* _TASK TO CARRY OUT_:
Please return the lines below verbatim, beginning at the one that has "Gain3 : Gain" and stopping after the one that has "grados : Step", and add no other lines.

Records contained in a dataset
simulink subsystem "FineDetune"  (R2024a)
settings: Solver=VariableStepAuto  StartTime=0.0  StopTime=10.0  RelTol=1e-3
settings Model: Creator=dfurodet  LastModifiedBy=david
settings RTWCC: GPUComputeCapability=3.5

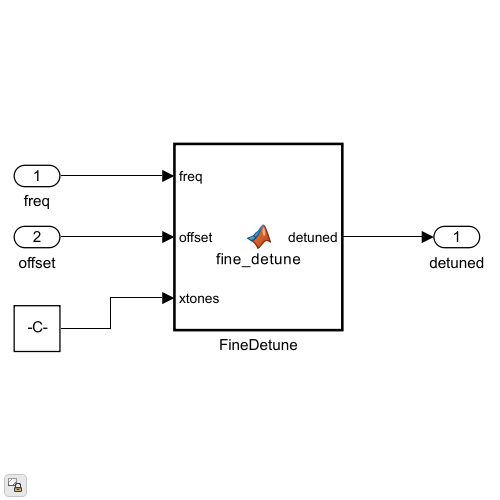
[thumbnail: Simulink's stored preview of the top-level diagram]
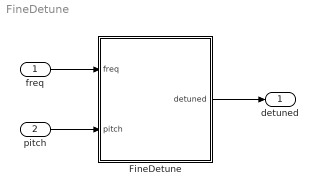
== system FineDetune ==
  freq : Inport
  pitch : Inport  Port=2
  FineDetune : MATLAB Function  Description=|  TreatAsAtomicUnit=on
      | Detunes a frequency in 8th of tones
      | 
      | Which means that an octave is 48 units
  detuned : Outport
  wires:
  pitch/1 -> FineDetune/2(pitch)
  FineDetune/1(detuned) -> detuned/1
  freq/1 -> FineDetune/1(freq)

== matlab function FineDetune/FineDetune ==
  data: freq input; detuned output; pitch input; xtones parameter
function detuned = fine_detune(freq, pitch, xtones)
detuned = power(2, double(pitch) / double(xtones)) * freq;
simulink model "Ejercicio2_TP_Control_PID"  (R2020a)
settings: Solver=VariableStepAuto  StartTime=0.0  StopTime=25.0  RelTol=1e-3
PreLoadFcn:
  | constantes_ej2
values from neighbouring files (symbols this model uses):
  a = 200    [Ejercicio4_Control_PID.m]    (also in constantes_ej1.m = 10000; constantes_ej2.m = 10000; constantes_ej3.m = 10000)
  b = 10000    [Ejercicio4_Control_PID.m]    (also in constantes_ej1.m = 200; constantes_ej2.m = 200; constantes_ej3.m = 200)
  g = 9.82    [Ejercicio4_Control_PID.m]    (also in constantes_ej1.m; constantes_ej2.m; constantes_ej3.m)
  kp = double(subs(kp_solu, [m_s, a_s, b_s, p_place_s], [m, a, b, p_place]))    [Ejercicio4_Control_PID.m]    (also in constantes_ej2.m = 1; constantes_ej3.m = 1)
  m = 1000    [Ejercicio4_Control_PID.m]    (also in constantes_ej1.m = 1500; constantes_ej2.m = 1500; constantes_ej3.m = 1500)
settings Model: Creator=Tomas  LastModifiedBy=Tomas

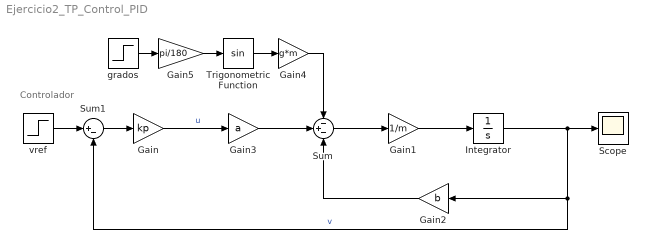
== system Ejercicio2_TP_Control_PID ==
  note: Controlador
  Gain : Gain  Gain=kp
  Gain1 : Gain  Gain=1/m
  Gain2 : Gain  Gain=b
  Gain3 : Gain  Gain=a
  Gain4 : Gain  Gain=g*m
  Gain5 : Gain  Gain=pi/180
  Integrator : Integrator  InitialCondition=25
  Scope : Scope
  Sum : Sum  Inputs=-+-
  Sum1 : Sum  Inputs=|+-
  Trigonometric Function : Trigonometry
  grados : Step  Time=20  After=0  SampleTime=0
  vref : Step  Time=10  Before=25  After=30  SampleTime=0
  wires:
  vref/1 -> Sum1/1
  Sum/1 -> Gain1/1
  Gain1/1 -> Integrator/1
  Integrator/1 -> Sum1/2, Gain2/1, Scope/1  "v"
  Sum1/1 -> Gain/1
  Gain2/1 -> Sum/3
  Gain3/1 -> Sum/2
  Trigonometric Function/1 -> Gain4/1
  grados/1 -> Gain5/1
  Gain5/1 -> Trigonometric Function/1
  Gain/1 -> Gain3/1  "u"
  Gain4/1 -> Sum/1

* _EXERCISE OUTPUT_:
  Gain3 : Gain  Gain=a
  Gain4 : Gain  Gain=g*m
  Gain5 : Gain  Gain=pi/180
  Integrator : Integrator  InitialCondition=25
  Scope : Scope
  Sum : Sum  Inputs=-+-
  Sum1 : Sum  Inputs=|+-
  Trigonometric Function : Trigonometry
  grados : Step  Time=20  After=0  SampleTime=0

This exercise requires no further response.